> EXERCISE REQUIREMENTS: Which lines mention "along"? Show each one from the listing.

= = =

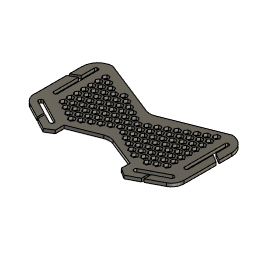
rear_adapter (Autodesk Fusion 360 design; units mm, degrees)
Autodesk Fusion 360 part; units mm, degrees
note: some values were not read from the file. Chosen so that the rebuilt part matches the saved one: which bodies a step acts on; which sketch regions a step uses.
(part 1 of 6)
sketch "Sketch1" plane through (0, 0, 0) normal (0, 0, 1) x (1, 0, 0)
  line L0 (235.0889, 171.2251) -> (235.0889, 121.2251)
  line L1 (165.0889, 121.2175) -> (165.0889, 171.2251)
  line L2 (200.0889, 189.725) -> (200.0889, 102.725) construction
  line L3 (235.0889, 121.2175) -> (235.0889, 171.2251)
  line L4 (165.0889, 121.2251) -> (165.0889, 171.2251)
  circle A0 centre (242.1889, 164.9963) radius 3.2
  circle A1 centre (242.1889, 127.4463) radius 3.2
  circle A2 centre (157.9889, 164.9963) radius 3.2
  circle A3 centre (157.9889, 127.4463) radius 3.2
  line L5 (165.0889, 146.2213) -> (235.0889, 146.2213) construction
  arc A4 (181.0338, 107.1206) -> (219.1356, 107.1166) centre (200.0889, 146.225) ccw
  line L6 (260.0889, 121.2175) -> (248.0889, 121.2175)
  line L7 (235.0889, 171.2251) -> (235.8524, 171.2251)
  line L8 (253.0889, 128.7175) -> (252.0889, 128.7175)
  line L9 (251.0889, 129.7175) -> (251.0889, 162.7175)
  line L10 (252.0889, 163.7175) -> (253.0889, 163.7175)
  line L11 (254.0889, 149.7175) -> (254.0889, 129.7175)
  arc A5 (254.0889, 162.7175) -> (253.0889, 163.7175) centre (253.0889, 162.7175) ccw
  arc A6 (252.0889, 163.7175) -> (251.0889, 162.7175) centre (252.0889, 162.7175) ccw
  arc A7 (253.0889, 128.7175) -> (254.0889, 129.7175) centre (253.0889, 129.7175) ccw
  arc A8 (251.0889, 129.7175) -> (252.0889, 128.7175) centre (252.0889, 129.7175) ccw
  line L12 (254.0889, 149.7175) -> (260.0889, 146.1766)
  line L13 (254.1214, 152.0206) -> (260.0889, 148.4989)
  line L14 (254.1214, 152.0206) -> (254.0889, 162.7175)
  line L15 (260.0889, 171.2251) -> (260.0889, 148.4989)
  line L16 (260.0889, 146.1766) -> (260.0889, 121.2175)
  arc A9 (146.0889, 129.7175) -> (147.0889, 128.7175) centre (147.0889, 129.7175) ccw
  line L17 (147.0889, 128.7175) -> (148.0889, 128.7175)
  arc A10 (148.0889, 128.7175) -> (149.0889, 129.7175) centre (148.0889, 129.7175) ccw
  line L18 (149.0889, 129.7175) -> (149.0889, 162.7175)
  line L19 (146.0889, 149.7175) -> (146.0889, 129.7175)
  line L20 (146.0889, 149.7175) -> (140.0889, 146.1766)
  line L21 (146.0563, 152.0206) -> (140.0889, 148.4989)
  line L22 (146.0563, 152.0206) -> (146.0889, 162.7175)
  arc A11 (147.0889, 163.7175) -> (146.0889, 162.7175) centre (147.0889, 162.7175) ccw
  line L23 (148.0889, 163.7175) -> (147.0889, 163.7175)
  arc A12 (149.0889, 162.7175) -> (148.0889, 163.7175) centre (148.0889, 162.7175) ccw
  line L24 (140.0889, 171.2251) -> (140.0889, 148.4989)
  line L25 (140.0889, 146.1766) -> (140.0889, 121.2251)
  line L26 (225.0889, 189.8602) -> (225.0889, 209.8602)
  line L27 (198.2466, 209.838) -> (175.0889, 209.838)
  line L28 (175.0889, 209.838) -> (175.0889, 189.6621)
  arc A13 (216.5899, 201.1843) -> (217.5889, 202.1852) centre (216.5889, 202.1843) ccw
  line L29 (217.5883, 202.8389) -> (217.5889, 202.1852)
  arc A14 (217.5883, 202.8389) -> (216.5883, 203.838) centre (216.5883, 202.838) ccw
  line L30 (196.5874, 203.838) -> (216.5883, 203.838)
  line L31 (196.5874, 203.838) -> (200.6627, 209.8351)
  line L32 (194.1849, 203.861) -> (198.3066, 209.9263)
  line L33 (194.1849, 203.861) -> (183.5873, 203.838)
  line L34 (216.5899, 201.1843) -> (183.5899, 201.1512)
  arc A15 (182.5889, 202.1503) -> (183.5899, 201.1512) centre (183.5889, 202.1512) ccw
  line L35 (182.5889, 202.1503) -> (182.5883, 202.8371)
  arc A16 (183.5873, 203.838) -> (182.5883, 202.8371) centre (183.5883, 202.838) ccw
  line L36 (200.6627, 209.8351) -> (225.0889, 209.8602)
  line L37 (190.0889, 193.451) -> (210.0889, 193.451)
  line L38 (211.0889, 192.451) -> (211.0889, 189.2169)
  line L39 (189.0889, 189.2169) -> (189.0889, 192.451)
  arc A17 (219.368, 185.3702) -> (211.82, 188.2537) centre (200.0889, 146.225) ccw
  arc A18 (188.3577, 188.2537) -> (180.8097, 185.3702) centre (200.0889, 146.225) ccw
  arc A19 (190.0889, 193.451) -> (189.0889, 192.451) centre (190.0889, 192.451) ccw
  arc A20 (211.0889, 192.451) -> (210.0889, 193.451) centre (210.0889, 192.451) ccw
  arc A21 (188.3577, 188.2537) -> (189.0889, 189.2169) centre (188.0889, 189.2169) ccw
  arc A22 (211.0889, 189.2169) -> (211.82, 188.2537) centre (212.0889, 189.2169) ccw
  line L40 (248.0889, 171.2251) -> (219.368, 185.3702)
  line L41 (225.0889, 189.8602) -> (260.0889, 171.2251)
  line L42 (248.0889, 171.2251) -> (235.8524, 171.2251)
  line L43 (248.0889, 121.2175) -> (219.1356, 107.1166)
  line L44 (260.0889, 121.2175) -> (223.2968, 101.9374)
  arc A23 (176.8737, 101.9412) -> (223.2968, 101.9374) centre (200.0889, 146.225) ccw
  line L45 (248.0889, 121.2175) -> (235.0889, 121.2175)
  line L46 (152.0889, 171.2251) -> (180.8097, 185.3702)
  line L47 (140.0889, 171.2251) -> (175.0889, 189.6621)
  line L48 (152.0889, 171.2251) -> (165.0889, 171.2251)
  line L49 (140.0889, 121.2251) -> (176.8737, 101.9412)
  line L50 (152.0889, 121.2251) -> (181.0338, 107.1206)
  line L51 (152.0889, 121.2251) -> (165.0889, 121.2175)
  point P0 (254.0889, 128.7175)
  point P1 (251.0889, 128.7175)
  point P2 (211.0889, 188.451)
  point P3 (189.0889, 188.451)
  dimension "d2" = 70
  dimension "d3" = 50
  dimension "d4" = 35
  dimension "d6" = 25
  dimension "d7" = 25
  dimension "d8" = 6.4
  dimension "d9" = 6.4
  dimension "d10" = 6.4
  dimension "d11" = 6.4
  dimension "d12" = 7.1
  dimension "d13" = 7.1
  dimension "d14" = 37.55
  dimension "d17" = 37.55
  dimension "d21" = 100
  dimension "d22" = 35
  dimension "d23" = 3
  dimension "d24" = 7.5
  dimension "d25" = 1
  dimension "d26" = 6
  dimension "d27" = 1
  dimension "d28" = 21
  dimension "d29" = 2
  dimension "d30" = 50
  dimension "d31" = 25
  dimension "d32" = 20
  dimension "d33" = 35
  dimension "d34" = 1
  dimension "d35" = 1
  dimension "d36" = 21
  dimension "d37" = 2
  dimension "d38" = 7.5
  dimension "d40" = 6
  dimension "d41" = 22
  dimension "d42" = 11
  dimension "d44" = 1
  dimension "d45" = 1
  dimension "d47" = 13
  dimension "d48" = 13
  dimension "d49" = 13
  dimension "d50" = 13
  constraint vertical L0
  constraint vertical L1
  constraint horizontal L7
  constraint vertical L15
  constraint horizontal L6
  constraint vertical L3
  constraint vertical L24
  constraint vertical L4
  constraint vertical A2.centre A3.centre
  constraint midpoint L1 L5.start
  constraint midpoint L3 L5.end
  constraint perpendicular L3 L5
  constraint concentric A4 A17
  constraint concentric A4 A23
  constraint coincident L40.start L7
  constraint horizontal L8
  constraint vertical L9
  constraint horizontal L10
  constraint vertical L11
  constraint tangent L11 A5
  constraint tangent L10 A5
  constraint tangent L9 A6
  constraint tangent L10 A6
  constraint equal A5 A6
  constraint coincident P0 L11
  constraint coincident P0 L8
  constraint tangent L11 A7
  constraint tangent L8 A7
  constraint equal A5 A7
  constraint coincident P1 L8
  constraint coincident P1 L9
  constraint tangent L8 A8
  constraint tangent L9 A8
  constraint coincident L12.end L15
  constraint parallel L12 L13
  constraint collinear L15 L16
  constraint symmetric L2 A5.start L22.end
  constraint symmetric L2 L10.end A11.start
  constraint symmetric L2 A5 A11
  constraint symmetric L2 L9.end L18.end
  constraint symmetric L2 L10.start L23.start
  constraint symmetric L2 A6 A12
  constraint symmetric L2 L11.end A9.start
  constraint symmetric L2 L8.start A9.end
  constraint symmetric L2 A7 A9
  constraint symmetric L2 L8.end L17.end
  constraint symmetric L2 L9.start A10.end
  constraint symmetric L2 A8 A10
  constraint symmetric L2 L11.start L19.start
  constraint symmetric L2 L12.end L20.end
  constraint symmetric L2 L13.start L21.start
  constraint symmetric L2 L13.end L21.end
  constraint collinear L24 L25
  constraint vertical L26
  constraint horizontal L27
  constraint vertical L28
  constraint tangent L30 A16
  constraint tangent L35 A16
  constraint tangent L34 A15
  constraint tangent A15 L35
  constraint equal A15 A16
  constraint tangent A14 L30
  constraint tangent L29 A14
  constraint equal A14 A16
  constraint tangent A13 L29
  constraint tangent A13 L34
  constraint parallel L31 L32
  constraint parallel L27 L30
  constraint coincident L32 L27.start
  constraint horizontal L37
  constraint vertical L38
  constraint vertical L39
  constraint coincident P3 A17
  constraint concentric A17 A18
  constraint tangent L39 A19
  constraint tangent L37 A19
  constraint tangent L37 A20
  constraint tangent L38 A20
  constraint equal A19 A20
  constraint coincident P3 L39
  constraint coincident P3 A18
  constraint tangent A18 A21
  constraint tangent L39 A21
  constraint equal A19 A21
  constraint coincident P2 L38
  constraint coincident P2 A17
  constraint tangent A17 A22
  constraint tangent L38 A22
  constraint tangent A17 L40
  constraint tangent A4 L43
  constraint tangent L44 A23
  constraint perpendicular L0 L45
  constraint tangent A18 L46
  constraint perpendicular L1 L48
  constraint tangent A23 L49
  constraint tangent A4 L50
  measures "d2" distance of L1.end L0.start
  measures "d3" distance of L0.start L0.end
  measures "d4" distance of L0 L2
  measures "d6" distance of L0.start L15.start
  measures "d7" distance of L1.end L24.start
  measures "d8" diameter of A2
  measures "d9" diameter of A3
  measures "d10" diameter of A0
  measures "d11" diameter of A1
  measures "d12" distance of L3 A1.centre
  measures "d13" distance of L4 A3.centre
  measures "d14" distance of A0.centre A1.centre
  measures "d17" distance of A2.centre A3.centre
  measures "d21" diameter of A23
  measures "d22" distance of L8 L10
  measures "d23" distance of P0 P1
  measures "d24" distance of L6 L8
  measures "d25" radius of A5
  measures "d26" distance of L11 L15
  measures "d27" radius of A8
  measures "d28" distance of L8 L11.start
  measures "d29" distance of L12 L13
  measures "d30" distance of L26.end L27.end
  measures "d31" distance of L2 L28
  measures "d32" distance of L26.start L26.end
  measures "d33" distance of L29 L35
  measures "d34" radius of A16
  measures "d35" radius of A13
  measures "d36" distance of L30.start L29
  measures "d37" distance of L31 L32
  measures "d38" distance of L26 A13.end
  measures "d40" distance of L27 L30
  measures "d41" distance of P2 P3
  measures "d42" distance of L2 L39
  measures "d44" radius of A19
  measures "d45" radius of A22
  measures "d47" distance of L0 L40.start
  measures "d48" distance of L3 L6.end
  measures "d49" distance of L1.end L46.start
  measures "d50" distance of L1 L50.start
extrude "Extrude1" add sketch "Sketch1" along normal blind 2.5 makes body 1
sketch "Sketch2" plane through (0, 0, 2.5) normal (0, 0, 1) x (-1, 0, 0)
  arc A0 (-181.0338, -107.1206) -> (-219.1356, -107.1166) centre (-200.0889, -146.225) ccw
  line L0 (-181.0338, -107.1206) -> (-152.0889, -121.2251)
  line L1 (-152.0889, -121.2251) -> (-165.0889, -121.2175)
  line L2 (-165.0889, -121.2175) -> (-165.0889, -171.2251)
  line L3 (-165.0889, -171.2251) -> (-152.0889, -171.2251)
  line L4 (-152.0889, -171.2251) -> (-180.8097, -185.3702)
  arc A1 (-188.3577, -188.2537) -> (-180.8097, -185.3702) centre (-200.0889, -146.225) ccw
  arc A2 (-188.3577, -188.2537) -> (-189.0889, -189.2169) centre (-188.0889, -189.2169) ccw
  line L5 (-189.0889, -189.2169) -> (-189.0889, -192.451)
  arc A3 (-190.0889, -193.451) -> (-189.0889, -192.451) centre (-190.0889, -192.451) ccw
  line L6 (-190.0889, -193.451) -> (-210.0889, -193.451)
  arc A4 (-211.0889, -192.451) -> (-210.0889, -193.451) centre (-210.0889, -192.451) ccw
  line L7 (-211.0889, -192.451) -> (-211.0889, -189.2169)
  arc A5 (-211.0889, -189.2169) -> (-211.82, -188.2537) centre (-212.0889, -189.2169) ccw
  arc A6 (-219.368, -185.3702) -> (-211.82, -188.2537) centre (-200.0889, -146.225) ccw
  line L8 (-219.368, -185.3702) -> (-248.0889, -171.2251)
  line L9 (-248.0889, -171.2251) -> (-235.0889, -171.2251)
  line L10 (-235.0889, -171.2251) -> (-235.0889, -121.2175)
  line L11 (-235.0889, -121.2175) -> (-248.0889, -121.2175)
  line L12 (-248.0889, -121.2175) -> (-219.1356, -107.1166)
  circle A7 centre (-242.1889, -127.4463) radius 3.2
  circle A8 centre (-157.9889, -164.9963) radius 3.2
  circle A9 centre (-157.9889, -127.4463) radius 3.2
  circle A10 centre (-242.1889, -164.9963) radius 3.2
  line L13 (-146.0889, -149.7175) -> (-140.0889, -146.1766)
  line L14 (-140.0889, -146.1766) -> (-140.0889, -121.2251)
  line L15 (-140.0889, -121.2251) -> (-176.8737, -101.9412)
  arc A11 (-176.8737, -101.9412) -> (-223.2968, -101.9374) centre (-200.0889, -146.225) ccw
  line L16 (-223.2968, -101.9374) -> (-260.0889, -121.2175)
  line L17 (-260.0889, -121.2175) -> (-260.0889, -146.1766)
  line L18 (-260.0889, -146.1766) -> (-254.0889, -149.7175)
  line L19 (-254.0889, -149.7175) -> (-254.0889, -129.7175)
  arc A12 (-253.0889, -128.7175) -> (-254.0889, -129.7175) centre (-253.0889, -129.7175) ccw
  line L20 (-253.0889, -128.7175) -> (-252.0889, -128.7175)
  arc A13 (-251.0889, -129.7175) -> (-252.0889, -128.7175) centre (-252.0889, -129.7175) ccw
  line L21 (-251.0889, -129.7175) -> (-251.0889, -162.7175)
  arc A14 (-252.0889, -163.7175) -> (-251.0889, -162.7175) centre (-252.0889, -162.7175) ccw
  line L22 (-252.0889, -163.7175) -> (-253.0889, -163.7175)
  arc A15 (-254.0889, -162.7175) -> (-253.0889, -163.7175) centre (-253.0889, -162.7175) ccw
  line L23 (-254.0889, -162.7175) -> (-254.1214, -152.0206)
  line L24 (-254.1214, -152.0206) -> (-260.0889, -148.4989)
  line L25 (-260.0889, -148.4989) -> (-260.0889, -171.2251)
  line L26 (-260.0889, -171.2251) -> (-225.0889, -189.8602)
  line L27 (-225.0889, -189.8602) -> (-225.0889, -209.8602)
  line L28 (-225.0889, -209.8602) -> (-200.6627, -209.8351)
  line L29 (-200.6627, -209.8351) -> (-196.5874, -203.838)
  line L30 (-196.5874, -203.838) -> (-216.5883, -203.838)
  arc A16 (-217.5883, -202.8389) -> (-216.5883, -203.838) centre (-216.5883, -202.838) ccw
  line L31 (-217.5883, -202.8389) -> (-217.5889, -202.1852)
  arc A17 (-216.5899, -201.1843) -> (-217.5889, -202.1852) centre (-216.5889, -202.1843) ccw
  line L32 (-216.5899, -201.1843) -> (-183.5899, -201.1512)
  arc A18 (-182.5889, -202.1503) -> (-183.5899, -201.1512) centre (-183.5889, -202.1512) ccw
  line L33 (-182.5889, -202.1503) -> (-182.5883, -202.8371)
  arc A19 (-183.5873, -203.838) -> (-182.5883, -202.8371) centre (-183.5883, -202.838) ccw
  line L34 (-183.5873, -203.838) -> (-194.1849, -203.861)
  line L35 (-194.1849, -203.861) -> (-198.2466, -209.838)
  line L36 (-198.2466, -209.838) -> (-175.0889, -209.838)
  line L37 (-175.0889, -209.838) -> (-175.0889, -189.6621)
  line L38 (-175.0889, -189.6621) -> (-140.0889, -171.2251)
  line L39 (-140.0889, -171.2251) -> (-140.0889, -148.4989)
  line L40 (-140.0889, -148.4989) -> (-146.0563, -152.0206)
  line L41 (-146.0563, -152.0206) -> (-146.0889, -162.7175)
  arc A20 (-147.0889, -163.7175) -> (-146.0889, -162.7175) centre (-147.0889, -162.7175) ccw
  line L42 (-147.0889, -163.7175) -> (-148.0889, -163.7175)
  arc A21 (-149.0889, -162.7175) -> (-148.0889, -163.7175) centre (-148.0889, -162.7175) ccw
  line L43 (-149.0889, -162.7175) -> (-149.0889, -129.7175)
  arc A22 (-148.0889, -128.7175) -> (-149.0889, -129.7175) centre (-148.0889, -129.7175) ccw
  line L44 (-148.0889, -128.7175) -> (-147.0889, -128.7175)
  arc A23 (-146.0889, -129.7175) -> (-147.0889, -128.7175) centre (-147.0889, -129.7175) ccw
  line L45 (-146.0889, -129.7175) -> (-146.0889, -149.7175)
  line L46 (-222.5842, -108.9932) -> (-222.5842, -101.5712)
  line L47 (-200.0889, -96.225) -> (-200.0842, -96.225)
  line L48 (-177.5842, -101.5759) -> (-177.5842, -108.9988)
  line L49 (-200.0842, -102.725) -> (-200.0842, -80) construction
  dimension "d55" = 22.5
  dimension "d62" = 22.5
  constraint vertical L46
  constraint horizontal L47
  constraint vertical L48
  constraint tangent A11 L47
  constraint midpoint A0 L49.start
  constraint perpendicular L47 L49
  constraint coincident A0 L48.end
  constraint coincident A0 L46.start
  constraint coincident A11 L46.end
  constraint coincident A11 L47.start
  constraint coincident L49 L47.end
  constraint coincident A11 L48.start
  measures "d55" distance of L46 L49
  measures "d62" distance of L48 L49
extrude "Extrude2" add sketch "Sketch2" along normal blind 4 contours A0 L0 L12 A11 L46 L47 L48 bodies 1
extrude "Extrude3" add 1 faces at (197.2054, 98.5357, 6.5) along direction (0, 0, -1) blind 10.5 separate body on bodies 1 makes body 2
sketch "Sketch3" plane through (0, 193.451, 0) normal (0, -1, 0) x (1, 0, 0)
  line L0 (190.0889, 0) -> (210.0889, 0)
  line L1 (210.0889, 0) -> (210.0889, 2.5)
  line L2 (210.0889, 2.5) -> (190.0889, 2.5)
  line L3 (190.0889, 2.5) -> (190.0889, 0)
  line L4 (184.5842, 5.75) -> (215.5842, 5.75)
  line L5 (217.5842, 3.75) -> (217.5842, -1.25)
  line L6 (215.5842, -3.25) -> (184.5842, -3.25)
  line L7 (182.5842, -1.25) -> (182.5842, 3.75)
  line L8 (200.0842, -0.8668) -> (200.0842, 23.75) construction
  line L9 (200.0842, 6.5) -> (200.0842, -4)
  line L10 (223.2968, 0) -> (176.8737, 0)
  arc A0 (184.5842, 5.75) -> (182.5842, 3.75) centre (184.5842, 3.75) ccw
  arc A1 (182.5842, -1.25) -> (184.5842, -3.25) centre (184.5842, -1.25) ccw
  arc A2 (217.5842, 3.75) -> (215.5842, 5.75) centre (215.5842, 3.75) ccw
  arc A3 (215.5842, -3.25) -> (217.5842, -1.25) centre (215.5842, -1.25) ccw
  point P0 (217.5842, 5.75)
  point P1 (217.5842, -3.25)
  dimension "d60" = 9
  dimension "d61" = 35
  dimension "d63" = 17.5
  dimension "d64" = 5.75
  dimension "d65" = 2
  constraint horizontal L4
  constraint vertical L5
  constraint horizontal L6
  constraint vertical L7
  constraint perpendicular L0 L8
  constraint coincident L8.end L9
  constraint tangent L7 A0
  constraint tangent L4 A0
  constraint tangent L7 A1
  constraint tangent L6 A1
  constraint equal A0 A1
  constraint coincident P0 L4
  constraint coincident P0 L5
  constraint tangent L4 A2
  constraint tangent L5 A2
  constraint equal A0 A2
  constraint coincident P1 L5
  constraint coincident P1 L6
  constraint tangent L5 A3
  constraint tangent L6 A3
  constraint equal A0 A3
  measures "d60" distance of P0 P1
  measures "d61" distance of L5 L7
  measures "d63" distance of L5 L8
  measures "d64" distance of L4 L10
  measures "d65" radius of A0
extrude "Extrude6" cut sketch "Sketch3" along normal blind 93 from surface at 10 bodies 2 1
extrude "Extrude4" add 1 faces at (197.2054, 98.5357, 6.5) along direction (0, 0, 1) blind 2 on bodies 2 bodies 2 1
extrude "Extrude5" add 1 faces at (197.2054, 98.5357, -4) along direction (0, 0, -1) blind 2 on bodies 2 bodies 2
fillet "Fillet1" radius 4 1 edges at (222.5842, 105.1837, 2.5) on bodies 2
fillet "Fillet2" radius 4 1 edges at (222.5842, 105.1837, 0) on bodies 2
fillet "Fillet3" radius 4 1 edges at (177.5842, 105.1887, 2.5) on bodies 2
fillet "Fillet4" radius 4 1 edges at (177.5842, 105.1887, 0) on bodies 2
fillet "Fillet5" radius 2 1 edges at (177.5842, 105.1887, 8.5) on bodies 2
fillet "Fillet6" radius 2 1 edges at (222.5842, 105.1837, 8.5) on bodies 2
fillet "Fillet7" radius 2 1 edges at (222.5842, 105.1837, -6) on bodies 2
fillet "Fillet8" radius 2 1 edges at (177.5842, 105.1887, -6) on bodies 2
sketch "Sketch4" plane through (0, 0, -6) normal (0, 0, -1) x (1, 0, 0)
  line L0 (179.5842, -100.6228) -> (179.5842, -107.8269)
  line L1 (179.5842, -107.8269) -> (181.0338, -107.1206)
  arc A0 (219.1356, -107.1166) -> (181.0338, -107.1206) centre (200.0889, -146.225) ccw
  line L2 (219.1356, -107.1166) -> (220.5842, -107.8221)
  line L3 (220.5842, -107.8221) -> (220.5842, -100.6186)
  arc A1 (220.5842, -100.6186) -> (200.0889, -96.225) centre (200.0889, -146.225) ccw
  line L4 (200.0889, -96.225) -> (200.0842, -96.225)
  arc A2 (200.0842, -96.225) -> (179.5842, -100.6228) centre (200.0889, -146.225) ccw
  line L5 (167.7861, -87.596) -> (228.8793, -87.596)
  line L6 (228.8793, -87.596) -> (228.8793, -121.9882)
  line L7 (228.8793, -121.9882) -> (167.7861, -121.9882)
  line L8 (167.7861, -121.9882) -> (167.7861, -87.596)
  constraint horizontal L5
  constraint vertical L6
  constraint horizontal L7
  constraint vertical L8
extrude "Extrude7" cut sketch "Sketch4" against normal blind 6 contours L0 L1 A0 L2 L3 A1 L4 A2 bodies 2
extrude "Extrude8" cut sketch "Sketch4" against normal blind 6 contours L0 L1 A0 L2 L3 A1 L4 A2 | L5 L6 L7 L8 bodies 2
fillet "Fillet9" radius 5 1 edges at (217.5842, 102.8921, 0) on bodies 2
fillet "Fillet10" radius 5 1 edges at (182.5842, 102.8958, 0) on bodies 2
sketch "Sketch5" plane through (0, 0, 2.5) normal (0, 0, 1) x (-1, 0, 0)
sketch "Sketch6" plane through (0, 0, 2.5) normal (0, 0, 1) x (-1, 0, 0)
  line L0 (-260.0889, -121.2175) -> (-260.0889, -114.4436)
  line L1 (-260.0889, -114.4436) -> (-232.4375, -99.9535)
  line L2 (-232.4375, -99.9535) -> (-226.5842, -103.6601)
  line L3 (-260.0889, -121.2175) -> (-223.2968, -101.9374)
  line L4 (-200, -80) -> (-200, -178.0194) construction
  line L5 (-139.9111, -121.2175) -> (-176.7032, -101.9374)
  line L6 (-167.5625, -99.9535) -> (-173.4158, -103.6601)
  line L7 (-139.9111, -114.4436) -> (-167.5625, -99.9535)
  line L8 (-139.9111, -121.2175) -> (-139.9111, -114.4436)
  point P0 (-260.0889, -121.2175)
  point P1 (-226.5842, -103.6601)
  dimension "d97" = 60
  dimension "d98" = 6
  constraint vertical L0
  constraint coincident P0 L0.start
  constraint coincident P1 L2.end
  constraint parallel L1 L3
  constraint vertical L4
  constraint symmetric P0 L4 L5.start
  constraint symmetric L0.end L4 L7.start
  constraint symmetric L1.end L4 L6.start
  constraint symmetric P1 L4 L6.end
  constraint symmetric L3.end L4 L5.end
  measures "d97" angle of L2 L3
  measures "d98" distance of L1 L3
extrude "Extrude9" add sketch "Sketch6" against normal blind 2.5 bodies 2 makes body 3 at (160.2964, 108.277, 2.5)
sketch "Sketch7" plane through (0, 0, 2.5) normal (0, 0, 1) x (-1, 0, 0)
  circle A0 centre (-242.1889, -164.9963) radius 3.2
  circle A1 centre (-157.9889, -127.4463) radius 3.2
  circle A2 centre (-157.9889, -164.9963) radius 3.2
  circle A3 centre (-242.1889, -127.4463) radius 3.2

= = =

> SOLUTION FOR THIS TASK:
extrude "Extrude1" add sketch "Sketch1" along normal blind 2.5 makes body 1
extrude "Extrude2" add sketch "Sketch2" along normal blind 4 contours A0 L0 L12 A11 L46 L47 L48 bodies 1
extrude "Extrude3" add 1 faces at (197.2054, 98.5357, 6.5) along direction (0, 0, -1) blind 10.5 separate body on bodies 1 makes body 2
extrude "Extrude6" cut sketch "Sketch3" along normal blind 93 from surface at 10 bodies 2 1
extrude "Extrude4" add 1 faces at (197.2054, 98.5357, 6.5) along direction (0, 0, 1) blind 2 on bodies 2 bodies 2 1
extrude "Extrude5" add 1 faces at (197.2054, 98.5357, -4) along direction (0, 0, -1) blind 2 on bodies 2 bodies 2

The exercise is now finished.